Common! Go Of What You Know!


----------



## primeralives (May 27, 2008)

Sativa, Indica, Blow, Puff, Draw, Weed, Ganja, Grass, Bhang, Dagga, Mary Jane, Marijuana, Dope, Hash(eesh), Herb, Wacky backy, Tea, Thc, Pot, Chronic, Sensimilia, Bush, Solid, Lambsbread, Reefer, Greenleaf, Sweetleaf, Bud, Kif, Toke, Rope, Hemp, Hop, Smoke, Greens, Colly, Doobage, Shit, Black, Rocky, Slate, Gold Seal, Golf Ball, Northern Lights, Desert Orchid, Skunk, Gear, Orange Leaf, Pollen, Black Widow, Squidgy Black, Redline, Hippie lettuce, Dime Bag, White Widdow, Californian Orange, Strawberry cough, Soapbar, Poobar, Dirt, Super skunk, Maoi wowi, Green, Bud, Crystals


----------



## countryboy (May 27, 2008)

MINE!!!!!!l lol


----------



## magic (May 27, 2008)

around here most people refer to it as "sticky-icky-icky" for indoor and "shwag" for outdoor


----------



## sagincj (May 27, 2008)

primeralives said:


> Sativa, Indica, Blow, Puff, Draw, Weed, Ganja, Grass, Bhang, Dagga, Mary Jane, Marijuana, Dope, Hash(eesh), Herb, Wacky backy, Tea, Thc, Pot, Chronic, Sensimilia, Bush, Solid, Lambsbread, Reefer, Greenleaf, Sweetleaf, Bud, Kif, Toke, Rope, Hemp, Hop, Smoke, Greens, Colly, Doobage, Shit, Black, Rocky, Slate, Gold Seal, Golf Ball, Northern Lights, Desert Orchid, Skunk, Gear, Orange Leaf, Pollen, Black Widow, Squidgy Black, Redline, Hippie lettuce, Dime Bag, White Widdow, Californian Orange, Strawberry cough, Soapbar, Poobar, Dirt, Super skunk, Maoi wowi, Green, Bud, Crystals


when i hear blow im thinking coke not weed.


----------



## Johnnyorganic (May 27, 2008)

When I was in college, our code name for weed was "Bob." As in, "Have you seen Bob lately?" "I just talked to Bob." "I heard Bob was coming by later."


----------



## 52millimeter (May 27, 2008)

NOW THATS MORE LIKE IT!


----------



## Skitzotic (May 27, 2008)

hellyah..............


----------



## BoB772420 (May 27, 2008)

damn that first person pretty much got all of it


----------



## 52millimeter (May 28, 2008)

BoB772420 said:


> damn that first person pretty much got all of it


Yes but in talking names for marijuana like trees, not all the different types.


----------



## purplehaze2 (May 28, 2008)

they call weed, seed in costa rica ,which she had on her list.


----------



## Kole1980 (May 28, 2008)

My friends and I used to call it cerial as in I need a big bowl of cerial.


----------



## 52millimeter (May 28, 2008)

Kole1980 said:


> My friends and I used to call it cerial as in I need a big bowl of cerial.

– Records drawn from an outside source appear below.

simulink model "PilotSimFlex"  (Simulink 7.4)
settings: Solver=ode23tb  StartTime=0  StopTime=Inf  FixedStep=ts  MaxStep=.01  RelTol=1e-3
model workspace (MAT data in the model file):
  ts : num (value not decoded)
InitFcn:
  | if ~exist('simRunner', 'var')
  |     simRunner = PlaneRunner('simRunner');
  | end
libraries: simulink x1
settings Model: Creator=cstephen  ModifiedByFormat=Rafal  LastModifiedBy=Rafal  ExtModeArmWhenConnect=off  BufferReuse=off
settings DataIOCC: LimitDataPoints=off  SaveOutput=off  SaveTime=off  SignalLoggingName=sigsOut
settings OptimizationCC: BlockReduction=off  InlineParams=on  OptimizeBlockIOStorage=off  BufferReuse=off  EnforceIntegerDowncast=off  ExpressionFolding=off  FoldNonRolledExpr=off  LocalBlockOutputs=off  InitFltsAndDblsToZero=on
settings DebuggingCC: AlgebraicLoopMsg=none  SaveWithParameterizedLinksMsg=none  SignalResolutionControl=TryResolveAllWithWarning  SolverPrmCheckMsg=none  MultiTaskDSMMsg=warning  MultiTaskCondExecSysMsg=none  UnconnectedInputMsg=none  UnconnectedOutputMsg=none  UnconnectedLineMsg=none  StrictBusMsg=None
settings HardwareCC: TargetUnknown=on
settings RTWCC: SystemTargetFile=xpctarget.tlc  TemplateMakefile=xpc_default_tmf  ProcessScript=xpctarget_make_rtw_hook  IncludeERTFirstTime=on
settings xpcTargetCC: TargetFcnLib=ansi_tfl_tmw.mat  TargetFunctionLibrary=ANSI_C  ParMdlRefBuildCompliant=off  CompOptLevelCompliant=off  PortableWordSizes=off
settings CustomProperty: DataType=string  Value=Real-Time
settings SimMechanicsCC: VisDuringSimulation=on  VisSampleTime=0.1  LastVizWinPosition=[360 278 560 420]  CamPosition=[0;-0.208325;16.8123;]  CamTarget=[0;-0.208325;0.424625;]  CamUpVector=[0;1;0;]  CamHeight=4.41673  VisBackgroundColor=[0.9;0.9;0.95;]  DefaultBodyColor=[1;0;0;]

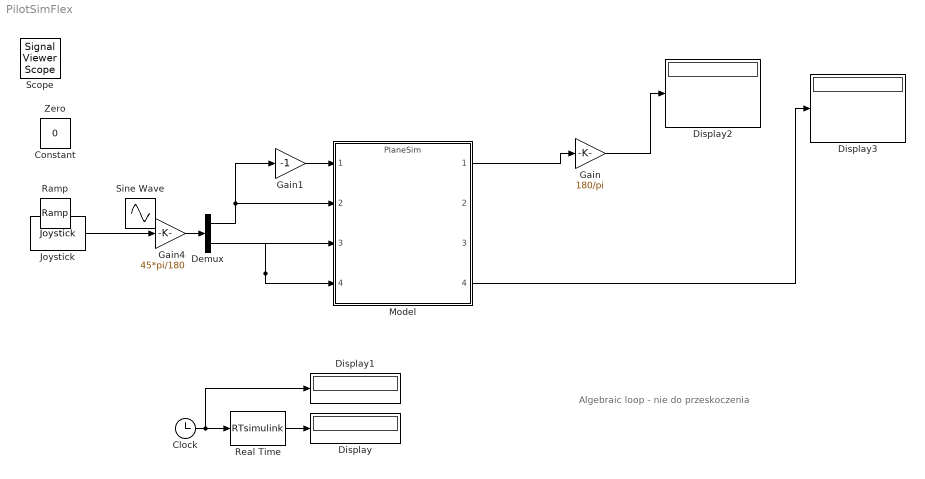
== system PilotSimFlex ==
  note: Algebraic loop - nie do przeskoczenia
  Clock : Clock
      settings: Decimation=10
  Demux : Demux  Outputs=2
  Display{,1..3} (4 alike) : Display
  Gain : Gain  Gain=180/pi  ParameterDataType=fixdt(1, 16)  ParameterScaling=2^0  OutDataType=fixdt(1, 16)  OutScaling=2^0
  Gain1 : Gain  Gain=-1  ParameterDataType=fixdt(1, 16)  ParameterScaling=2^0  OutDataType=fixdt(1, 16)  OutScaling=2^0
  Gain4 : Gain  Gain=45*pi/180  ParameterDataType=fixdt(1, 16)  ParameterScaling=2^0  OutDataType=fixdt(1, 16)  OutScaling=2^0
  Joystick : M-S-Function  FunctionName=Joystick
  Model : ModelReference  ModelNameDialog=PlaneSim  SimulationMode=Normal  ModelReferenceVersion=1.313  CopyOfModelName=PlaneSim
  Real Time : M-S-Function  FunctionName=RTsimulink
  Constant : Constant  IOType=siggen  Value=-1  OutDataType=sfix(16)  OutScaling=2^0
  Ramp : simulink/Sources/Ramp  IOType=siggen  SystemSampleTime=-1  slope=1  start=0  X0=0
  Scope : SignalViewerScope  IOType=viewer  ZoomMode=xonly  LegendLocations="674.3333      275.3333            95            41"  RefreshTime=0.035000
      settings: ShowLegends=on  YMin=-0.0018  YMax=0.0002
  Sine Wave : Sin  IOType=siggen  Amplitude=10  Bias=0  Frequency=5  Phase=pi/2  Samples=10  SampleTime=0  Offset=0
  Zero : Constant  IOType=siggen  Value=0  OutDataType=sfix(16)  OutScaling=2^0
  wires:
  Real Time/1 -> Display/1
  Clock/1 -> Display1/1, Real Time/1
  Gain4/1 -> Demux/1
  Joystick/1 -> Gain4/1
  Demux/2 -> Model/3, Model/4
  Gain1/1 -> Model/1
  Demux/1 -> Gain1/1, Model/2
  Model/1 -> Gain/1
  Gain/1 -> Display2/1
  Model/4 -> Display3/1

hahahahahahahahaahh! Ive got one kinda like that. Im a skateboarder and a blunt iz a type of trick. so we say "letz go doo some bluntz!"


----------



## superhighme (May 28, 2008)

theres already a sticky thread about this. unoriginal!


----------



## 52millimeter (May 28, 2008)

superhighme said:


> theres already a sticky thread about this. unoriginal!


If it aint origional enough for you then go read the other one!


----------



## raeman1990 (May 28, 2008)

wacky tabacky


----------



## raeman1990 (May 28, 2008)

Best one of ALL!!

IF my peeps are on this site they will get it... 

"research"....

As in --- "By dad, i have to go do some *research* with John and Steve,, ill be back for dinner."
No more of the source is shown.